"Roundcube, code proudly cleant by argumenting trolls"
On Mon, Sep 2, 2013 at 9:43 PM, Thomas Bruederli thomas@roundcube.netwrote:
On Mon, Sep 2, 2013 at 9:20 PM, David Deutsch skoremail@gmail.com wrote:
A proper and predictable process flow is something I learned to
appreciate
during my years as a software developer.
Sure, although I don't understand how my approach makes it any less predictable. All I have done is fan out the if/elseif structures and, arguably, that makes it easier to check through them. Maybe changing it
to
no-oneliner-ifs will make this a little clearer for you, but the return statements really stand out when you scroll through the code - whether or not they are wrapped in if blocks or individually.
What's wrong about if clauses with proper indenting? These can even be collapsed with a sexy IDE.
Nothing wrong with them. It's just: Do you wrap the entire content of a function in an if or do you make a negated if -> return statement?
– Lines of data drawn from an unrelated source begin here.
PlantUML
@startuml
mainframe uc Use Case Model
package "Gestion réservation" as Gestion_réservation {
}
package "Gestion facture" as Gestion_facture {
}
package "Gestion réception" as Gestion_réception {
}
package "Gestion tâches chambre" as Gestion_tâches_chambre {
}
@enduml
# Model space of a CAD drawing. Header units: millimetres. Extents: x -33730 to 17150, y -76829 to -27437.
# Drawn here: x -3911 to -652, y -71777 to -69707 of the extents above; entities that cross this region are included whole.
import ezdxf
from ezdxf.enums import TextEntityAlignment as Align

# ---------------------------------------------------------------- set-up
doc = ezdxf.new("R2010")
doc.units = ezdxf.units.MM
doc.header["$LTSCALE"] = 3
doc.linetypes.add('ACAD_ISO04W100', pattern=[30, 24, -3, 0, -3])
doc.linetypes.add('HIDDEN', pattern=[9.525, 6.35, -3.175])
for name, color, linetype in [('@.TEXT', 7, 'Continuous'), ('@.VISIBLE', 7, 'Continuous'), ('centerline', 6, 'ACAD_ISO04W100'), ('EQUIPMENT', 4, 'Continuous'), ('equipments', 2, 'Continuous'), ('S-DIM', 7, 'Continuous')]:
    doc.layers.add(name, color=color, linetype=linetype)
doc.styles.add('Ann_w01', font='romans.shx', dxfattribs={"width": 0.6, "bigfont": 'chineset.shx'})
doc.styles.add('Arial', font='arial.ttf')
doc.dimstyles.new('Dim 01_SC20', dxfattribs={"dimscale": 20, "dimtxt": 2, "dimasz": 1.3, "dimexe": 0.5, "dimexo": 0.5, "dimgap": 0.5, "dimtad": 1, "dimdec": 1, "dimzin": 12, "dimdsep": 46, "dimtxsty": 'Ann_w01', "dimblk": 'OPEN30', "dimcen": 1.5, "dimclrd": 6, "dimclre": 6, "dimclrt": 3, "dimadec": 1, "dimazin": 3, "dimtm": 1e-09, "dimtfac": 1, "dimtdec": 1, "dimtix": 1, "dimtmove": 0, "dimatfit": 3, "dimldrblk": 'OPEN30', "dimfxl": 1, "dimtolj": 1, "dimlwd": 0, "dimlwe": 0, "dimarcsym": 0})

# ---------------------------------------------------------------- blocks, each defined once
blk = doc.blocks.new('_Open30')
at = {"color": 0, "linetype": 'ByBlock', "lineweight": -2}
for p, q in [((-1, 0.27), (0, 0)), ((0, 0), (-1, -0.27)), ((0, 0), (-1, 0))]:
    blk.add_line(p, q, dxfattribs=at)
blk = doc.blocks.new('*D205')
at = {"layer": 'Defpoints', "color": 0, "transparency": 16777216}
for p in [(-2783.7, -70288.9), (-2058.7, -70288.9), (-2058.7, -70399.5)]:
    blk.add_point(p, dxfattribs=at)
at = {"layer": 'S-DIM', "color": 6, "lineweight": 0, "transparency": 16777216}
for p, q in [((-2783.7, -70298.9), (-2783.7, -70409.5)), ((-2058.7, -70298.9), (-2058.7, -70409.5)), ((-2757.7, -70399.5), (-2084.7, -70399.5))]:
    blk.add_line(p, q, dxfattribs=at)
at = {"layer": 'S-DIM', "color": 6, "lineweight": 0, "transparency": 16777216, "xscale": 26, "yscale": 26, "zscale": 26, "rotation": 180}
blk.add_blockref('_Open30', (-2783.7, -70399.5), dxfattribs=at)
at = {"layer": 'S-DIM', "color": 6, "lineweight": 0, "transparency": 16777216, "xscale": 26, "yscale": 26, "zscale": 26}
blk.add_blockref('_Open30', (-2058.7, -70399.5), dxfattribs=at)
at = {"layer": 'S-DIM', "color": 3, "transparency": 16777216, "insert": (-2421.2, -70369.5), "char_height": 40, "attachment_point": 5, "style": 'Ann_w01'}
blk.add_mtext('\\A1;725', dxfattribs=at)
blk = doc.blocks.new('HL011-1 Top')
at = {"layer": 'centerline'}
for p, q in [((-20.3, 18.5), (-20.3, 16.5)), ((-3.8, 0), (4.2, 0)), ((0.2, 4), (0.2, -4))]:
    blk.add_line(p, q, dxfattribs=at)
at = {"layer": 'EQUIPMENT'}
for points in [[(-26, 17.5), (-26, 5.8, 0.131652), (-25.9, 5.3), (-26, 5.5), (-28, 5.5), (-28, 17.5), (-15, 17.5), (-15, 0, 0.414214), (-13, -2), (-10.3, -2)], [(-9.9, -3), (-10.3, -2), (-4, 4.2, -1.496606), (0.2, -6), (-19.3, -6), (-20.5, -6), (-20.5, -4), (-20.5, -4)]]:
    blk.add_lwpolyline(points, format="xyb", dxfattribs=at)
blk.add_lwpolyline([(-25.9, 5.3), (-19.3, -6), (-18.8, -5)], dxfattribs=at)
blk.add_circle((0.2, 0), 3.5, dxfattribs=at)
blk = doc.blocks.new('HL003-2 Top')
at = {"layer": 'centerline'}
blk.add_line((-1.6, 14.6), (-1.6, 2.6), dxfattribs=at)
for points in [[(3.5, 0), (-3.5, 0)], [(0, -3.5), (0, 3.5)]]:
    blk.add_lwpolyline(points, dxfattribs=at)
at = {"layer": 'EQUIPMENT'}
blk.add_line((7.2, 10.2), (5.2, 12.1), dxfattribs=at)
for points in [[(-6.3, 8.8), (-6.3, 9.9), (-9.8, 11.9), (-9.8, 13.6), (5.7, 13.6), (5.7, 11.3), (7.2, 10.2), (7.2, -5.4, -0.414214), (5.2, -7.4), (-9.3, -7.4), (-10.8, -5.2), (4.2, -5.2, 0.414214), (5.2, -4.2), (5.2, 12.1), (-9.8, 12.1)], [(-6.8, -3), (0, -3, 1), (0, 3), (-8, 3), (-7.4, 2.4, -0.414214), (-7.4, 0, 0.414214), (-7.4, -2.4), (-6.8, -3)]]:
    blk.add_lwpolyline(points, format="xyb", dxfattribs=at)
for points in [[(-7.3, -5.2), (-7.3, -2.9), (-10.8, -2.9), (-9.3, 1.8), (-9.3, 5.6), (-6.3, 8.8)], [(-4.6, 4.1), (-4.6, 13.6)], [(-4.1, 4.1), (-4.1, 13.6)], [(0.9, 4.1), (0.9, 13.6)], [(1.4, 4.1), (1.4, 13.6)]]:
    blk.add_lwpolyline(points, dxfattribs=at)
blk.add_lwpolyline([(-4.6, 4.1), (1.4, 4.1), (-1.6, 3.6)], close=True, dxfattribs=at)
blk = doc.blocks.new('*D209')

The
first
doesn't scale, the second makes things more readable - that was really
all I
was trying to convey.
For that specific "entire content of a function" case I mentioned the exceptions that allow returns at the beginning of a function that check preconditions.
But I'm more referring to your initial refactoring in
https://github.com/daviddeutsch/roundcubemail/blob/cleanup-3/plugins/archive...
In such cases I think a sequence of if/else if/else blocks makes more clear for the reader that these are three distinct cases handled in the plugin init function.